What to produce: Up to and including the final line, please copy every line exactly, starting from the one that contains "Usuario -right- u2_ListarPersonas" in the material below.

Material for the task:
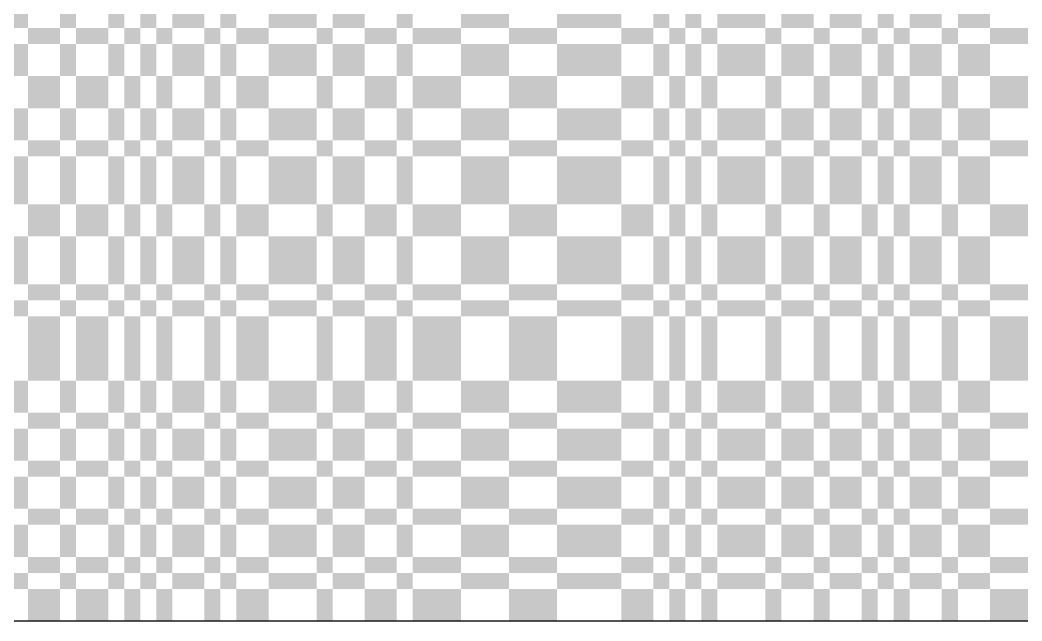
# Model space of a CAD drawing. Extents: x 0 to 10, y 0 to 10.
# Drawn here: x 6.25 to 7.5, y 1 to 1.75 of the extents above; entities that cross this region are included whole.
import ezdxf

# ---------------------------------------------------------------- set-up
doc = ezdxf.new("R2010")
doc.units = 0
doc.header["$MEASUREMENT"] = 0
doc.layers.add('CHROME', color=7, linetype='Continuous')
doc.layers.add('OUTLINE', color=7, linetype='Continuous')

msp = doc.modelspace()

# ---------------------------------------------------------------- linework, layer by layer
at = {"layer": 'CHROME'}
for points in [[(6.24, 1.74), (6.26, 1.74), (6.24, 1.76), (6.26, 1.76)], [(6.3, 1.74), (6.32, 1.74), (6.3, 1.76), (6.32, 1.76)], [(6.36, 1.74), (6.38, 1.74), (6.36, 1.76), (6.38, 1.76)], [(6.4, 1.74), (6.42, 1.74), (6.4, 1.76), (6.42, 1.76)], [(6.44, 1.74), (6.48, 1.74), (6.44, 1.76), (6.48, 1.76)], [(6.5, 1.74), (6.52, 1.74), (6.5, 1.76), (6.52, 1.76)], [(6.56, 1.74), (6.62, 1.74), (6.56, 1.76), (6.62, 1.76)], [(6.64, 1.74), (6.68, 1.74), (6.64, 1.76), (6.68, 1.76)], [(6.72, 1.74), (6.74, 1.74), (6.72, 1.76), (6.74, 1.76)], [(6.8, 1.74), (6.86, 1.74), (6.8, 1.76), (6.86, 1.76)], [(6.92, 1.74), (7, 1.74), (6.92, 1.76), (7, 1.76)], [(7.04, 1.74), (7.06, 1.74), (7.04, 1.76), (7.06, 1.76)], [(7.08, 1.74), (7.1, 1.74), (7.08, 1.76), (7.1, 1.76)], [(7.12, 1.74), (7.18, 1.74), (7.12, 1.76), (7.18, 1.76)], [(7.2, 1.74), (7.24, 1.74), (7.2, 1.76), (7.24, 1.76)], [(7.26, 1.74), (7.3, 1.74), (7.26, 1.76), (7.3, 1.76)], [(7.32, 1.74), (7.34, 1.74), (7.32, 1.76), (7.34, 1.76)], [(7.36, 1.74), (7.4, 1.74), (7.36, 1.76), (7.4, 1.76)], [(7.42, 1.74), (7.46, 1.74), (7.42, 1.76), (7.46, 1.76)], [(6.26, 1.72), (6.3, 1.72), (6.26, 1.74), (6.3, 1.74)], [(6.32, 1.72), (6.36, 1.72), (6.32, 1.74), (6.36, 1.74)], [(6.38, 1.72), (6.4, 1.72), (6.38, 1.74), (6.4, 1.74)], [(6.42, 1.72), (6.44, 1.72), (6.42, 1.74), (6.44, 1.74)], [(6.48, 1.72), (6.5, 1.72), (6.48, 1.74), (6.5, 1.74)], [(6.52, 1.72), (6.56, 1.72), (6.52, 1.74), (6.56, 1.74)], [(6.62, 1.72), (6.64, 1.72), (6.62, 1.74), (6.64, 1.74)], [(6.68, 1.72), (6.72, 1.72), (6.68, 1.74), (6.72, 1.74)], [(6.74, 1.72), (6.8, 1.72), (6.74, 1.74), (6.8, 1.74)], [(6.86, 1.72), (6.92, 1.72), (6.86, 1.74), (6.92, 1.74)], [(7, 1.72), (7.04, 1.72), (7, 1.74), (7.04, 1.74)], [(7.06, 1.72), (7.08, 1.72), (7.06, 1.74), (7.08, 1.74)], [(7.1, 1.72), (7.12, 1.72), (7.1, 1.74), (7.12, 1.74)], [(7.18, 1.72), (7.2, 1.72), (7.18, 1.74), (7.2, 1.74)], [(7.24, 1.72), (7.26, 1.72), (7.24, 1.74), (7.26, 1.74)], [(7.3, 1.72), (7.32, 1.72), (7.3, 1.74), (7.32, 1.74)], [(7.34, 1.72), (7.36, 1.72), (7.34, 1.74), (7.36, 1.74)], [(7.4, 1.72), (7.42, 1.72), (7.4, 1.74), (7.42, 1.74)], [(7.46, 1.72), (7.54, 1.72), (7.46, 1.74), (7.54, 1.74)], [(6.24, 1.68), (6.26, 1.68), (6.24, 1.72), (6.26, 1.72)], [(6.3, 1.68), (6.32, 1.68), (6.3, 1.72), (6.32, 1.72)], [(6.36, 1.68), (6.38, 1.68), (6.36, 1.72), (6.38, 1.72)], [(6.4, 1.68), (6.42, 1.68), (6.4, 1.72), (6.42, 1.72)], [(6.44, 1.68), (6.48, 1.68), (6.44, 1.72), (6.48, 1.72)], [(6.5, 1.68), (6.52, 1.68), (6.5, 1.72), (6.52, 1.72)], [(6.56, 1.68), (6.62, 1.68), (6.56, 1.72), (6.62, 1.72)], [(6.64, 1.68), (6.68, 1.68), (6.64, 1.72), (6.68, 1.72)], [(6.72, 1.68), (6.74, 1.68), (6.72, 1.72), (6.74, 1.72)], [(6.8, 1.68), (6.86, 1.68), (6.8, 1.72), (6.86, 1.72)], [(6.92, 1.68), (7, 1.68), (6.92, 1.72), (7, 1.72)], [(7.04, 1.68), (7.06, 1.68), (7.04, 1.72), (7.06, 1.72)], [(7.08, 1.68), (7.1, 1.68), (7.08, 1.72), (7.1, 1.72)], [(7.12, 1.68), (7.18, 1.68), (7.12, 1.72), (7.18, 1.72)], [(7.2, 1.68), (7.24, 1.68), (7.2, 1.72), (7.24, 1.72)], [(7.26, 1.68), (7.3, 1.68), (7.26, 1.72), (7.3, 1.72)], [(7.32, 1.68), (7.34, 1.68), (7.32, 1.72), (7.34, 1.72)], [(7.36, 1.68), (7.4, 1.68), (7.36, 1.72), (7.4, 1.72)], [(7.42, 1.68), (7.46, 1.68), (7.42, 1.72), (7.46, 1.72)], [(6.26, 1.64), (6.3, 1.64), (6.26, 1.68), (6.3, 1.68)], [(6.32, 1.64), (6.36, 1.64), (6.32, 1.68), (6.36, 1.68)], [(6.38, 1.64), (6.4, 1.64), (6.38, 1.68), (6.4, 1.68)], [(6.42, 1.64), (6.44, 1.64), (6.42, 1.68), (6.44, 1.68)], [(6.48, 1.64), (6.5, 1.64), (6.48, 1.68), (6.5, 1.68)], [(6.52, 1.64), (6.56, 1.64), (6.52, 1.68), (6.56, 1.68)], [(6.62, 1.64), (6.64, 1.64), (6.62, 1.68), (6.64, 1.68)], [(6.68, 1.64), (6.72, 1.64), (6.68, 1.68), (6.72, 1.68)], [(6.74, 1.64), (6.8, 1.64), (6.74, 1.68), (6.8, 1.68)], [(6.86, 1.64), (6.92, 1.64), (6.86, 1.68), (6.92, 1.68)], [(7, 1.64), (7.04, 1.64), (7, 1.68), (7.04, 1.68)], [(7.06, 1.64), (7.08, 1.64), (7.06, 1.68), (7.08, 1.68)], [(7.1, 1.64), (7.12, 1.64), (7.1, 1.68), (7.12, 1.68)], [(7.18, 1.64), (7.2, 1.64), (7.18, 1.68), (7.2, 1.68)], [(7.24, 1.64), (7.26, 1.64), (7.24, 1.68), (7.26, 1.68)], [(7.3, 1.64), (7.32, 1.64), (7.3, 1.68), (7.32, 1.68)], [(7.34, 1.64), (7.36, 1.64), (7.34, 1.68), (7.36, 1.68)], [(7.4, 1.64), (7.42, 1.64), (7.4, 1.68), (7.42, 1.68)], [(7.46, 1.64), (7.54, 1.64), (7.46, 1.68), (7.54, 1.68)], [(6.24, 1.6), (6.26, 1.6), (6.24, 1.64), (6.26, 1.64)], [(6.3, 1.6), (6.32, 1.6), (6.3, 1.64), (6.32, 1.64)], [(6.36, 1.6), (6.38, 1.6), (6.36, 1.64), (6.38, 1.64)], [(6.4, 1.6), (6.42, 1.6), (6.4, 1.64), (6.42, 1.64)], [(6.44, 1.6), (6.48, 1.6), (6.44, 1.64), (6.48, 1.64)], [(6.5, 1.6), (6.52, 1.6), (6.5, 1.64), (6.52, 1.64)], [(6.56, 1.6), (6.62, 1.6), (6.56, 1.64), (6.62, 1.64)], [(6.64, 1.6), (6.68, 1.6), (6.64, 1.64), (6.68, 1.64)], [(6.72, 1.6), (6.74, 1.6), (6.72, 1.64), (6.74, 1.64)], [(6.8, 1.6), (6.86, 1.6), (6.8, 1.64), (6.86, 1.64)], [(6.92, 1.6), (7, 1.6), (6.92, 1.64), (7, 1.64)], [(7.04, 1.6), (7.06, 1.6), (7.04, 1.64), (7.06, 1.64)], [(7.08, 1.6), (7.1, 1.6), (7.08, 1.64), (7.1, 1.64)], [(7.12, 1.6), (7.18, 1.6), (7.12, 1.64), (7.18, 1.64)], [(7.2, 1.6), (7.24, 1.6), (7.2, 1.64), (7.24, 1.64)], [(7.26, 1.6), (7.3, 1.6), (7.26, 1.64), (7.3, 1.64)], [(7.32, 1.6), (7.34, 1.6), (7.32, 1.64), (7.34, 1.64)], [(7.36, 1.6), (7.4, 1.6), (7.36, 1.64), (7.4, 1.64)], [(7.42, 1.6), (7.46, 1.6), (7.42, 1.64), (7.46, 1.64)], [(6.26, 1.58), (6.3, 1.58), (6.26, 1.6), (6.3, 1.6)], [(6.32, 1.58), (6.36, 1.58), (6.32, 1.6), (6.36, 1.6)], [(6.38, 1.58), (6.4, 1.58), (6.38, 1.6), (6.4, 1.6)], [(6.42, 1.58), (6.44, 1.58), (6.42, 1.6), (6.44, 1.6)], [(6.48, 1.58), (6.5, 1.58), (6.48, 1.6), (6.5, 1.6)], [(6.52, 1.58), (6.56, 1.58), (6.52, 1.6), (6.56, 1.6)], [(6.62, 1.58), (6.64, 1.58), (6.62, 1.6), (6.64, 1.6)], [(6.68, 1.58), (6.72, 1.58), (6.68, 1.6), (6.72, 1.6)], [(6.74, 1.58), (6.8, 1.58), (6.74, 1.6), (6.8, 1.6)], [(6.86, 1.58), (6.92, 1.58), (6.86, 1.6), (6.92, 1.6)], [(7, 1.58), (7.04, 1.58), (7, 1.6), (7.04, 1.6)], [(7.06, 1.58), (7.08, 1.58), (7.06, 1.6), (7.08, 1.6)], [(7.1, 1.58), (7.12, 1.58), (7.1, 1.6), (7.12, 1.6)], [(7.18, 1.58), (7.2, 1.58), (7.18, 1.6), (7.2, 1.6)], [(7.24, 1.58), (7.26, 1.58), (7.24, 1.6), (7.26, 1.6)], [(7.3, 1.58), (7.32, 1.58), (7.3, 1.6), (7.32, 1.6)], [(7.34, 1.58), (7.36, 1.58), (7.34, 1.6), (7.36, 1.6)], [(7.4, 1.58), (7.42, 1.58), (7.4, 1.6), (7.42, 1.6)], [(7.46, 1.58), (7.54, 1.58), (7.46, 1.6), (7.54, 1.6)], [(6.24, 1.52), (6.26, 1.52), (6.24, 1.58), (6.26, 1.58)], [(6.3, 1.52), (6.32, 1.52), (6.3, 1.58), (6.32, 1.58)], [(6.36, 1.52), (6.38, 1.52), (6.36, 1.58), (6.38, 1.58)], [(6.4, 1.52), (6.42, 1.52), (6.4, 1.58), (6.42, 1.58)], [(6.44, 1.52), (6.48, 1.52), (6.44, 1.58), (6.48, 1.58)], [(6.5, 1.52), (6.52, 1.52), (6.5, 1.58), (6.52, 1.58)], [(6.56, 1.52), (6.62, 1.52), (6.56, 1.58), (6.62, 1.58)], [(6.64, 1.52), (6.68, 1.52), (6.64, 1.58), (6.68, 1.58)], [(6.72, 1.52), (6.74, 1.52), (6.72, 1.58), (6.74, 1.58)], [(6.8, 1.52), (6.86, 1.52), (6.8, 1.58), (6.86, 1.58)], [(6.92, 1.52), (7, 1.52), (6.92, 1.58), (7, 1.58)], [(7.04, 1.52), (7.06, 1.52), (7.04, 1.58), (7.06, 1.58)], [(7.08, 1.52), (7.1, 1.52), (7.08, 1.58), (7.1, 1.58)], [(7.12, 1.52), (7.18, 1.52), (7.12, 1.58), (7.18, 1.58)], [(7.2, 1.52), (7.24, 1.52), (7.2, 1.58), (7.24, 1.58)], [(7.26, 1.52), (7.3, 1.52), (7.26, 1.58), (7.3, 1.58)], [(7.32, 1.52), (7.34, 1.52), (7.32, 1.58), (7.34, 1.58)], [(7.36, 1.52), (7.4, 1.52), (7.36, 1.58), (7.4, 1.58)], [(7.42, 1.52), (7.46, 1.52), (7.42, 1.58), (7.46, 1.58)], [(6.26, 1.48), (6.3, 1.48), (6.26, 1.52), (6.3, 1.52)], [(6.32, 1.48), (6.36, 1.48), (6.32, 1.52), (6.36, 1.52)], [(6.38, 1.48), (6.4, 1.48), (6.38, 1.52), (6.4, 1.52)], [(6.42, 1.48), (6.44, 1.48), (6.42, 1.52), (6.44, 1.52)], [(6.48, 1.48), (6.5, 1.48), (6.48, 1.52), (6.5, 1.52)], [(6.52, 1.48), (6.56, 1.48), (6.52, 1.52), (6.56, 1.52)], [(6.62, 1.48), (6.64, 1.48), (6.62, 1.52), (6.64, 1.52)], [(6.68, 1.48), (6.72, 1.48), (6.68, 1.52), (6.72, 1.52)], [(6.74, 1.48), (6.8, 1.48), (6.74, 1.52), (6.8, 1.52)], [(6.86, 1.48), (6.92, 1.48), (6.86, 1.52), (6.92, 1.52)], [(7, 1.48), (7.04, 1.48), (7, 1.52), (7.04, 1.52)], [(7.06, 1.48), (7.08, 1.48), (7.06, 1.52), (7.08, 1.52)], [(7.1, 1.48), (7.12, 1.48), (7.1, 1.52), (7.12, 1.52)], [(7.18, 1.48), (7.2, 1.48), (7.18, 1.52), (7.2, 1.52)], [(7.24, 1.48), (7.26, 1.48), (7.24, 1.52), (7.26, 1.52)], [(7.3, 1.48), (7.32, 1.48), (7.3, 1.52), (7.32, 1.52)], [(7.34, 1.48), (7.36, 1.48), (7.34, 1.52), (7.36, 1.52)], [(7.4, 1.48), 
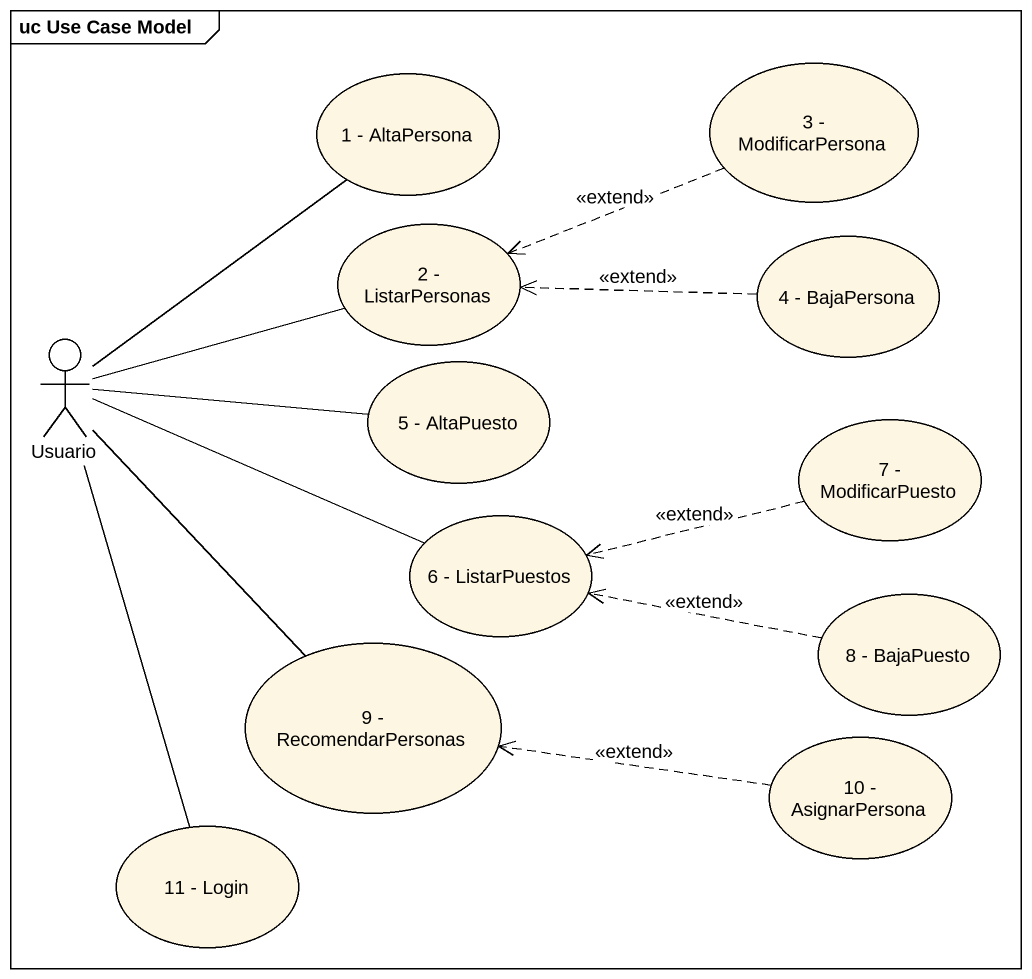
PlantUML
@startuml
mainframe uc Use Case Model
usecase "1 - AltaPersona" as u1_AltaPersona
usecase "3 - ModificarPersona" as u3_ModificarPersona
usecase "2 - ListarPersonas" as u2_ListarPersonas
usecase "4 - BajaPersona" as u4_BajaPersona
actor Usuario
usecase "5 - AltaPuesto" as u5_AltaPuesto
usecase "7 - ModificarPuesto" as u7_ModificarPuesto
usecase "6 - ListarPuestos" as u6_ListarPuestos
usecase "8 - BajaPuesto" as u8_BajaPuesto
usecase "9 - RecomendarPersonas" as u9_RecomendarPersonas
usecase "10 - AsignarPersona" as u10_AsignarPersona
usecase "11 - Login" as u11_Login
u3_ModificarPersona .left.> u2_ListarPersonas : <<extend>>
u4_BajaPersona .left.> u2_ListarPersonas : <<extend>>
Usuario -up- u1_AltaPersona
Usuario -right- u2_ListarPersonas
Usuario -right- u5_AltaPuesto
Usuario -right- u6_ListarPuestos
Usuario -- u9_RecomendarPersonas
Usuario -- u11_Login
u7_ModificarPuesto .left.> u6_ListarPuestos : <<extend>>
u8_BajaPuesto .left.> u6_ListarPuestos : <<extend>>
u10_AsignarPersona .left.> u9_RecomendarPersonas : <<extend>>
@enduml

Result for this task:
Usuario -right- u2_ListarPersonas
Usuario -right- u5_AltaPuesto
Usuario -right- u6_ListarPuestos
Usuario -- u9_RecomendarPersonas
Usuario -- u11_Login
u7_ModificarPuesto .left.> u6_ListarPuestos : <<extend>>
u8_BajaPuesto .left.> u6_ListarPuestos : <<extend>>
u10_AsignarPersona .left.> u9_RecomendarPersonas : <<extend>>
@enduml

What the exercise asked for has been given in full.